-- Data shown follows --

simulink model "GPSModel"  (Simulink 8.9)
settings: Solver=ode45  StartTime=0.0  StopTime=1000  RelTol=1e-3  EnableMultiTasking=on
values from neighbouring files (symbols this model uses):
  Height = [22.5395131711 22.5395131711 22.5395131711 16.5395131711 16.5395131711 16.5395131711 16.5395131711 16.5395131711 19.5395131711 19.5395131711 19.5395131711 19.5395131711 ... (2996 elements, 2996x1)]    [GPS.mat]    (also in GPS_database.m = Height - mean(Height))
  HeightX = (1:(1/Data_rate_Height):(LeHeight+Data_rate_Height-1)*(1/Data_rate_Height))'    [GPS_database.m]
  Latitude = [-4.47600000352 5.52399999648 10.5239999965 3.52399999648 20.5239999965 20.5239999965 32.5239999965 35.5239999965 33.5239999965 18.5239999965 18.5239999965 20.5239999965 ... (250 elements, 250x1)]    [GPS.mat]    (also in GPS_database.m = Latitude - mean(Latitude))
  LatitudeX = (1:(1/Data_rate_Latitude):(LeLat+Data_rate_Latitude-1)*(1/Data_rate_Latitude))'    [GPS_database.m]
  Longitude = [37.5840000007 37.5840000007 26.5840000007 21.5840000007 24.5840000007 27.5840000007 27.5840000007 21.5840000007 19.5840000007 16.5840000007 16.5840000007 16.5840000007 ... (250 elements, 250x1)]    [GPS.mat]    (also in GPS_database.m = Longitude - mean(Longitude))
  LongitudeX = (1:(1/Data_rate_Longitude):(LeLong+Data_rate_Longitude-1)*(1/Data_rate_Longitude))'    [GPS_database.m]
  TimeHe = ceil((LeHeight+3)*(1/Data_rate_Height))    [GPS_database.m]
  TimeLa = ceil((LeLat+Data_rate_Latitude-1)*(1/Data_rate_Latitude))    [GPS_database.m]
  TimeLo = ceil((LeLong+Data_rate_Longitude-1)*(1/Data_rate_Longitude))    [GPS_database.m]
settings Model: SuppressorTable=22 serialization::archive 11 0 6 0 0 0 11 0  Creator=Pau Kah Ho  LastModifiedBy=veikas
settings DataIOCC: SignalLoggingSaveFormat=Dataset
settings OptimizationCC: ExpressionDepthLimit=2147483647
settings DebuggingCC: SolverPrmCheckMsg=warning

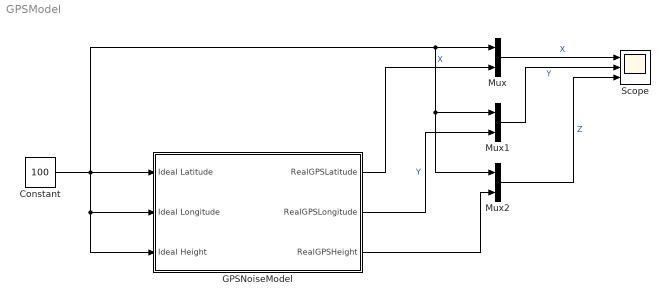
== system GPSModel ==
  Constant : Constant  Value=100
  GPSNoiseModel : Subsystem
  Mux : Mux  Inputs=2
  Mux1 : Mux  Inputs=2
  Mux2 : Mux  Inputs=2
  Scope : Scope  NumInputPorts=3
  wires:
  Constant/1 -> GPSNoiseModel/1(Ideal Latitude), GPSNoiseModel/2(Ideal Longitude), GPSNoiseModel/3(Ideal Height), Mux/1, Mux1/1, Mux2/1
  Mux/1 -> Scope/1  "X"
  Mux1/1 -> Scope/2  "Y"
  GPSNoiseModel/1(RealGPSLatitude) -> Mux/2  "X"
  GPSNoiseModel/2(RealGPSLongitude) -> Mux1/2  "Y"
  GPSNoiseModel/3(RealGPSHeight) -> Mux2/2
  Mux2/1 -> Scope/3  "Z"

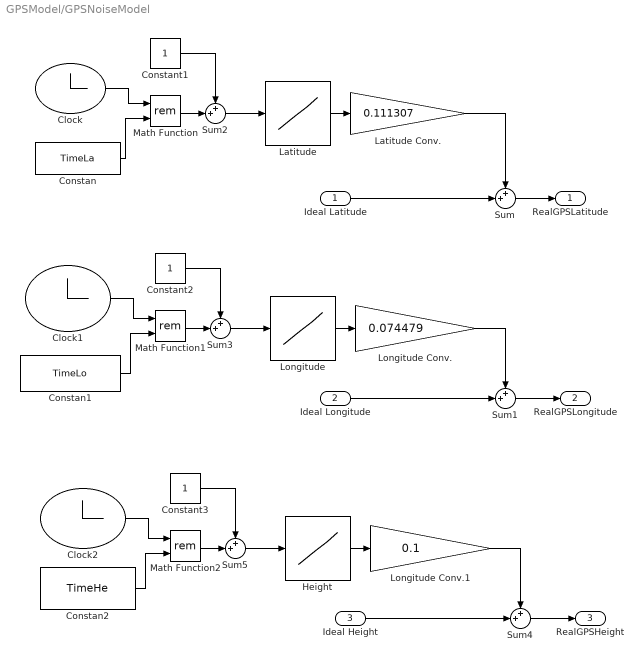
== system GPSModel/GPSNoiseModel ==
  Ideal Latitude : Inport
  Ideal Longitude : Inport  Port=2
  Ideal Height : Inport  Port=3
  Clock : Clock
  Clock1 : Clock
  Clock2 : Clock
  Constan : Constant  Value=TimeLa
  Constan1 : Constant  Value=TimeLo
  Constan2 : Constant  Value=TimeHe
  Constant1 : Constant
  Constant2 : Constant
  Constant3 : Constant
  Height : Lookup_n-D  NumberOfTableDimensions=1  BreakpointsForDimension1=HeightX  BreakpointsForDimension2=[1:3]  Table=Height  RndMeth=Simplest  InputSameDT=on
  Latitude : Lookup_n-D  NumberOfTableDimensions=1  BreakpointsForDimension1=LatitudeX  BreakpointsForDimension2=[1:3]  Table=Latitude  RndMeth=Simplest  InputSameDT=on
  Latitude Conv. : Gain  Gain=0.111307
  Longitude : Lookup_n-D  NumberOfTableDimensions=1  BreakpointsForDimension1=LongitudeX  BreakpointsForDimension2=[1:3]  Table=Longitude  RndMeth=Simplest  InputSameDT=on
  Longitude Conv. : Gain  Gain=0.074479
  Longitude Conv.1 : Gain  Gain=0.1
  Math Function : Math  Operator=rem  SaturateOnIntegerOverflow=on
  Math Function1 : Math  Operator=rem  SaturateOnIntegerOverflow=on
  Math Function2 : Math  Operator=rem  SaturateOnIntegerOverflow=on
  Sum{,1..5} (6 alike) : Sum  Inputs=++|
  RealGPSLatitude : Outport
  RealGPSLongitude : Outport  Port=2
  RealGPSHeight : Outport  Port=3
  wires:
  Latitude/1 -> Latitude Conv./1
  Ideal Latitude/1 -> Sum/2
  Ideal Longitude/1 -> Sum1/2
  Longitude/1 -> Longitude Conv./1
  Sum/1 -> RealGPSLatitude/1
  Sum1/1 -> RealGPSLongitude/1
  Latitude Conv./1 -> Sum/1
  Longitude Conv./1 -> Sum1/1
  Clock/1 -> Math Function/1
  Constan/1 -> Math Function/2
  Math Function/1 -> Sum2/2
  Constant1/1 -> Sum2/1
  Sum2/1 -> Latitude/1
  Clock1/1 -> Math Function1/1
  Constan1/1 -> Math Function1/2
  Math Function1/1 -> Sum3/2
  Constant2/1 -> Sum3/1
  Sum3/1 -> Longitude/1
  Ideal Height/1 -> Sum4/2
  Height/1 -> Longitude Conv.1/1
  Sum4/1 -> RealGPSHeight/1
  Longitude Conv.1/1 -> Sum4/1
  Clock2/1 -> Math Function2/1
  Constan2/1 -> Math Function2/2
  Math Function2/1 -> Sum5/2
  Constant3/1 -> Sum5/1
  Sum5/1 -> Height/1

-- Data shown concluded --

* _What you have to do_: Each line of the listing above that includes the word "TimeHe" should be copied.

* _Result_:
  TimeHe = ceil((LeHeight+3)*(1/Data_rate_Height))    [GPS_database.m]
  Constan2 : Constant  Value=TimeHe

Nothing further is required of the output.